▸ Your assignment
If a line of the entries below includes the word "Autodesk", it counts; state the total and nothing further.

─── Provided data ───

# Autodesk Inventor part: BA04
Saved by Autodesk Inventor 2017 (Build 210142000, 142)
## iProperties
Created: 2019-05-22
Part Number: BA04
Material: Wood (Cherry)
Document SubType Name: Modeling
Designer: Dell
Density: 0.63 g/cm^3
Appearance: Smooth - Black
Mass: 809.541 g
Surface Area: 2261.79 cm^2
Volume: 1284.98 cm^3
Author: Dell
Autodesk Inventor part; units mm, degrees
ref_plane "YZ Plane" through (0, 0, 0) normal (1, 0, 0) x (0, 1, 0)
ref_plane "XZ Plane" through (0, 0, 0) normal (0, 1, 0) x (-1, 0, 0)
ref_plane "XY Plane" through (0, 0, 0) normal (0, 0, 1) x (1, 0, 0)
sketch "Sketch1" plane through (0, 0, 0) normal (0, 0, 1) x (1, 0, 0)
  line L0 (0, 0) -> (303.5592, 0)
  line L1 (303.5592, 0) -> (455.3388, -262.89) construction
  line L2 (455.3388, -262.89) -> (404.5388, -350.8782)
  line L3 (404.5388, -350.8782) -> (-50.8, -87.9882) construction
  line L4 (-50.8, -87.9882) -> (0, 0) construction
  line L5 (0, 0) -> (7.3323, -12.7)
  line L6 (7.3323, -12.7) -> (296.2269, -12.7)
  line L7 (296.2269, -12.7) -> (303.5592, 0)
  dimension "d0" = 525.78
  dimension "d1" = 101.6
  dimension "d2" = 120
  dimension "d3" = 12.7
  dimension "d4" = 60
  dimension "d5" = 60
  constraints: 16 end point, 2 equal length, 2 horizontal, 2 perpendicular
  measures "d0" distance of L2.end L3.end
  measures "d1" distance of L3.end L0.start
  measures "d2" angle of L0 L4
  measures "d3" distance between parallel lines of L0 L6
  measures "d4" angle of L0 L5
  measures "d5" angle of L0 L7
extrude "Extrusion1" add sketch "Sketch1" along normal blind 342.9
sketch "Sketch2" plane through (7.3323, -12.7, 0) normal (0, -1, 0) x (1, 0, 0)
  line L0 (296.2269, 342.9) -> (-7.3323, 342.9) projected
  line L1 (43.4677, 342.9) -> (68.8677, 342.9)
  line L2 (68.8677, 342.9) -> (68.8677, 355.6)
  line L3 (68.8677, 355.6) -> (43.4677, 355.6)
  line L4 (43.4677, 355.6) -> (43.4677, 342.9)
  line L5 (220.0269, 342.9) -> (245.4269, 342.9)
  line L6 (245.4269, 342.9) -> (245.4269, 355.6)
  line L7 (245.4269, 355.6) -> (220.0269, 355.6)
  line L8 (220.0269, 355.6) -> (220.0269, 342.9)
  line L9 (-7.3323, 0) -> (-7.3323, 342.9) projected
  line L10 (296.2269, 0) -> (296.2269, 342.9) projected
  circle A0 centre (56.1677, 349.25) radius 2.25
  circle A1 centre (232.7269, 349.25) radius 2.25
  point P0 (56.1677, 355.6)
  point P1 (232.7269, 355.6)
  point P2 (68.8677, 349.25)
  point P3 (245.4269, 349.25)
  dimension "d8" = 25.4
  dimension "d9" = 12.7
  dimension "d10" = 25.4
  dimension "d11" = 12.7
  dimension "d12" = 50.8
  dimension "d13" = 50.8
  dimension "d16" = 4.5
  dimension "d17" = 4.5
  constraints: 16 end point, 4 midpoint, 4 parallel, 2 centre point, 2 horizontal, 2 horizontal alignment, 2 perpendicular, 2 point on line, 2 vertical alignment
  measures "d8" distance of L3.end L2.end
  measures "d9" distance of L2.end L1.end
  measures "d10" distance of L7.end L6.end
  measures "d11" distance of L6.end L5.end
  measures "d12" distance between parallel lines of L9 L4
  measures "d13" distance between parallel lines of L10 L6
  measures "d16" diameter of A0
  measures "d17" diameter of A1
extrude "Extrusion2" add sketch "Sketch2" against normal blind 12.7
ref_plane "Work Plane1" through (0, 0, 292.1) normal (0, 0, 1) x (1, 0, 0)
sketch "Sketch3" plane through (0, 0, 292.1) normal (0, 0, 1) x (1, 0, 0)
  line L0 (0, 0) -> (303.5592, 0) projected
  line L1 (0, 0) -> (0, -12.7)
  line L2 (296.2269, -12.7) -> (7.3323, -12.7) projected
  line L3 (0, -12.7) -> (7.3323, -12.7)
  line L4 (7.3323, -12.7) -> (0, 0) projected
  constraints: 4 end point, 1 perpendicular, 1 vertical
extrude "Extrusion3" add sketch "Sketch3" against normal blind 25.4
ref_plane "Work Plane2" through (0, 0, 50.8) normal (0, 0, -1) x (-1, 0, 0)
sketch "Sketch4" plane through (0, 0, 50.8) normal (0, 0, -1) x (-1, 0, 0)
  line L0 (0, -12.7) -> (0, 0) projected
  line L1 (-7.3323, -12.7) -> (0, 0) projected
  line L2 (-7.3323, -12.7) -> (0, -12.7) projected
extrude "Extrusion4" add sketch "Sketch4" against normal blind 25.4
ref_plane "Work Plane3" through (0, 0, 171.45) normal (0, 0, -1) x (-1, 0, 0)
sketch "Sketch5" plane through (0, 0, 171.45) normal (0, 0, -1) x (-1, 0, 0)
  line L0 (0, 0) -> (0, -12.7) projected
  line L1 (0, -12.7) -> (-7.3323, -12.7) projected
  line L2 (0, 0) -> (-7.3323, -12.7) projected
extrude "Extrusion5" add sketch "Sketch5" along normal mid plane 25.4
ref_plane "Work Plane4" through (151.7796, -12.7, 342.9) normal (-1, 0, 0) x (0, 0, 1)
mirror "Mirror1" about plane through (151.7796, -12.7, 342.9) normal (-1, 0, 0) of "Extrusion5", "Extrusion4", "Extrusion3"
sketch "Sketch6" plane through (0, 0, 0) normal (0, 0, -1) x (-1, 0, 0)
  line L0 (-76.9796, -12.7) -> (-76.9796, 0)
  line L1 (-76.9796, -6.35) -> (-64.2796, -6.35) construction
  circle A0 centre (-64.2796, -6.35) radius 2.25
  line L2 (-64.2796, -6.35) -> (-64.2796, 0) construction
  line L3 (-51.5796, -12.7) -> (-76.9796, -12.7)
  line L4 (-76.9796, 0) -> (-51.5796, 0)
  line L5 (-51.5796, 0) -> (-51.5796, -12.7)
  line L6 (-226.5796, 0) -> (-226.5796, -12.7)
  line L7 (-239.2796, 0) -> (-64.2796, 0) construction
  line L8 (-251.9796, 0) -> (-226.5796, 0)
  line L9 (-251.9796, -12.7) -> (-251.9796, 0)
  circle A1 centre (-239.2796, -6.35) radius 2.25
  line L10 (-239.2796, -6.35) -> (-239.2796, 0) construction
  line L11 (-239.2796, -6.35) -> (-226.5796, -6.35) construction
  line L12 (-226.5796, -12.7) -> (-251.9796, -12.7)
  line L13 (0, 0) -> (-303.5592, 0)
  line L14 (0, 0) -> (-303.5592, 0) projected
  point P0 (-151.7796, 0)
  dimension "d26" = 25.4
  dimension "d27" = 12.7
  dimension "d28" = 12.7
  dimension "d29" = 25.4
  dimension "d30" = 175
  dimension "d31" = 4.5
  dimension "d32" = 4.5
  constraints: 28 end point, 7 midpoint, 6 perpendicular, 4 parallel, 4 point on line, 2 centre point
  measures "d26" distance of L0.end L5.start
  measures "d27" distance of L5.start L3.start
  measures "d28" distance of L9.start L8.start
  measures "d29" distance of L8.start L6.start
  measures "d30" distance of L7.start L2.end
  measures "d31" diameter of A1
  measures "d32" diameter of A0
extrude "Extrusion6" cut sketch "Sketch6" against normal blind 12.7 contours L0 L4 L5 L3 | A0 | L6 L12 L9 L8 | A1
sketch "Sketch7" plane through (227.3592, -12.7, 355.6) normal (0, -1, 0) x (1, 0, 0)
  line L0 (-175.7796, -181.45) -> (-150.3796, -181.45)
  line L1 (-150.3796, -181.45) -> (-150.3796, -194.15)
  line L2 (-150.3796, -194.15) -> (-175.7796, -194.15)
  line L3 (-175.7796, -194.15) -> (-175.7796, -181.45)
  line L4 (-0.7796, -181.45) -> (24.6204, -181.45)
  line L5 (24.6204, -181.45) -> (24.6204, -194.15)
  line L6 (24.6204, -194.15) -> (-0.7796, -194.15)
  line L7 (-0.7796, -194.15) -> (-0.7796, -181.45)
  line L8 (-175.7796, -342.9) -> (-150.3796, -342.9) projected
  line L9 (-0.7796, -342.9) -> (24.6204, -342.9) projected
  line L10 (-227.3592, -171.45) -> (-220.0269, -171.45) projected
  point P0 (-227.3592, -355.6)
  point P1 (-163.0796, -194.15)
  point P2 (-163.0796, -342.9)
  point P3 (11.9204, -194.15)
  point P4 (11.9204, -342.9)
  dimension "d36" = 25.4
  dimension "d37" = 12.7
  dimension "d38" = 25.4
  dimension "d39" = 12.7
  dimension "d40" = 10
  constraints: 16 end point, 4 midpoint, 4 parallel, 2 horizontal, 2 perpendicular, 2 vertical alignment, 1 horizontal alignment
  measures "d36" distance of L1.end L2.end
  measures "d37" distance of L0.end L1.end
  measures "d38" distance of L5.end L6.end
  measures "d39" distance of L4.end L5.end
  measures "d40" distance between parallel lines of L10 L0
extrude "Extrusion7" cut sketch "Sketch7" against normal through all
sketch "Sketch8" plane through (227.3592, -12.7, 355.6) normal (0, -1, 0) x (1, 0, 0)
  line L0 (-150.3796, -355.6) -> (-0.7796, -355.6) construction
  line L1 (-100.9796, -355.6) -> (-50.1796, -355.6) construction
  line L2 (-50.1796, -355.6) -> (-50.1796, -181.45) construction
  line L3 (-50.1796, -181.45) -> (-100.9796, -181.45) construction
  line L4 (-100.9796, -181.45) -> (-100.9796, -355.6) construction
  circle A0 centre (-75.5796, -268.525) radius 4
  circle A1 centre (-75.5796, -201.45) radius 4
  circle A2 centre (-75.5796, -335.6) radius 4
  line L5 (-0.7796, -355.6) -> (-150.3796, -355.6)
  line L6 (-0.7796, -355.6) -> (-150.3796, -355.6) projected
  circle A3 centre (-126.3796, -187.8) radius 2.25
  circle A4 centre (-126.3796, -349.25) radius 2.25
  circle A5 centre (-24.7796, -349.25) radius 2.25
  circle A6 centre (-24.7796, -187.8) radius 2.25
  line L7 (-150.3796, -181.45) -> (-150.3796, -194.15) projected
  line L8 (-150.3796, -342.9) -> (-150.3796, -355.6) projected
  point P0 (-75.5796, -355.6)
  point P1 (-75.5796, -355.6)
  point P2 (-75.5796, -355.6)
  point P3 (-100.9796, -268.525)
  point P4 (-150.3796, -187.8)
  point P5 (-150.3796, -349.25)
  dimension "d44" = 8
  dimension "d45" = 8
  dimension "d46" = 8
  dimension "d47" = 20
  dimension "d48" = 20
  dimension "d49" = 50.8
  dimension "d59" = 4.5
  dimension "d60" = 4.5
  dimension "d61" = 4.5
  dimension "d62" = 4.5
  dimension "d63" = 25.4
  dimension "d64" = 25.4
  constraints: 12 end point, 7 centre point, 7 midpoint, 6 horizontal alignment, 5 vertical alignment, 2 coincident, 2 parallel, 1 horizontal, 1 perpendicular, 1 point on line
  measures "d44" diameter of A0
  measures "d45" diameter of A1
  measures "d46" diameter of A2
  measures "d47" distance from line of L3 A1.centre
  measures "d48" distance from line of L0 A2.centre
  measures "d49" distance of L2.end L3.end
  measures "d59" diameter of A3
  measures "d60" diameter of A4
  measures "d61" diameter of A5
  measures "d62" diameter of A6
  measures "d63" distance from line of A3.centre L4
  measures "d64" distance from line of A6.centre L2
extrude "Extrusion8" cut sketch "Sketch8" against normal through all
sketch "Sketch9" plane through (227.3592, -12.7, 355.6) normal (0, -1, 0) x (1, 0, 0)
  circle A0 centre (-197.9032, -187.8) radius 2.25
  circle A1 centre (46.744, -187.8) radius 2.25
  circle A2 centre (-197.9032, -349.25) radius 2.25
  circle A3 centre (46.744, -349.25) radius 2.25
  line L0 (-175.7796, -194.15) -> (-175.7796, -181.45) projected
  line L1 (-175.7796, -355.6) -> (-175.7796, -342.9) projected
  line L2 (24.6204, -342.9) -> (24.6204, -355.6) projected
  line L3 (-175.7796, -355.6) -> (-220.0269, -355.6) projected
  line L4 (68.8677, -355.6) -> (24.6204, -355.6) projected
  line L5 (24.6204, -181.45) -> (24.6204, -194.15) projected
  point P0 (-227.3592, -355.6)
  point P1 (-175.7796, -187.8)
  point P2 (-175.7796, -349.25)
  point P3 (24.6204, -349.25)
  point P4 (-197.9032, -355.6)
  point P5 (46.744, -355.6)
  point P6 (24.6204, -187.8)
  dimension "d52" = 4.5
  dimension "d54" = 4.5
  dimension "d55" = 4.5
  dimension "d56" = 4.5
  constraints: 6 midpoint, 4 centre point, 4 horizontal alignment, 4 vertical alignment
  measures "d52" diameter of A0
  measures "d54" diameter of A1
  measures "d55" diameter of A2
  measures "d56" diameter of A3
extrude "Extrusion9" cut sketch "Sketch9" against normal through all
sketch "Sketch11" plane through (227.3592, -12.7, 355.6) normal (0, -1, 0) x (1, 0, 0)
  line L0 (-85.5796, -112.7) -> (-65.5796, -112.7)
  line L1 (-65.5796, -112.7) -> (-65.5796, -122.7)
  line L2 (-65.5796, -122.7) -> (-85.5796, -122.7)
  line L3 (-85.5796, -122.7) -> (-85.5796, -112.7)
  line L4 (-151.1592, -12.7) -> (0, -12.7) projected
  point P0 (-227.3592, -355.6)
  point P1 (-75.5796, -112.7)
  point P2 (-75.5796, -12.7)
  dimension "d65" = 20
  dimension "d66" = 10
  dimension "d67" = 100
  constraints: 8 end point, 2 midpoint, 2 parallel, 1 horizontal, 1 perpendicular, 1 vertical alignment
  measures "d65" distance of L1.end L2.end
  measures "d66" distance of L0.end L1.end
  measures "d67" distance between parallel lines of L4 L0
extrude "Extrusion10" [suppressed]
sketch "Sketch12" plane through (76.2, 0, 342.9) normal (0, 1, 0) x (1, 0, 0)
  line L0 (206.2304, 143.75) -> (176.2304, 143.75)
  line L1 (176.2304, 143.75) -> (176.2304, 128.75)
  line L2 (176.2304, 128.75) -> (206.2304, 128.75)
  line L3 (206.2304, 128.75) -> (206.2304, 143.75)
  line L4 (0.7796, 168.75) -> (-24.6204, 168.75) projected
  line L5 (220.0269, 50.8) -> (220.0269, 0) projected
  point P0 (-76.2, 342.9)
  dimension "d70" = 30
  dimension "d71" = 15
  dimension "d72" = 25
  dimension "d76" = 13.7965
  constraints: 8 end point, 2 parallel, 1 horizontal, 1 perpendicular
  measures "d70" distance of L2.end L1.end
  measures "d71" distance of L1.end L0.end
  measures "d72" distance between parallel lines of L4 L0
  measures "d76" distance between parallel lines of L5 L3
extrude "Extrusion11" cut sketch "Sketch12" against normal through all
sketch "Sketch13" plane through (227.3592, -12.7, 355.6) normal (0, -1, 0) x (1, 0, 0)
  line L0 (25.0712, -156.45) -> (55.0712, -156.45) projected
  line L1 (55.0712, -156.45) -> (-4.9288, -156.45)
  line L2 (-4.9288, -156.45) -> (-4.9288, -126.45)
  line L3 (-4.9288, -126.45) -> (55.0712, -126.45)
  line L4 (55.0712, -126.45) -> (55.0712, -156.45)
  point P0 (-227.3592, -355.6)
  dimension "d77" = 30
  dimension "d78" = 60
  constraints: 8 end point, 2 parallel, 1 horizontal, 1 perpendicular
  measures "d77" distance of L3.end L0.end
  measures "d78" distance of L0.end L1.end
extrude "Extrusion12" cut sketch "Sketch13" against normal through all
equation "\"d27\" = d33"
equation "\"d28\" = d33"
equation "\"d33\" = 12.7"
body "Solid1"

───

▸ Worked solution
3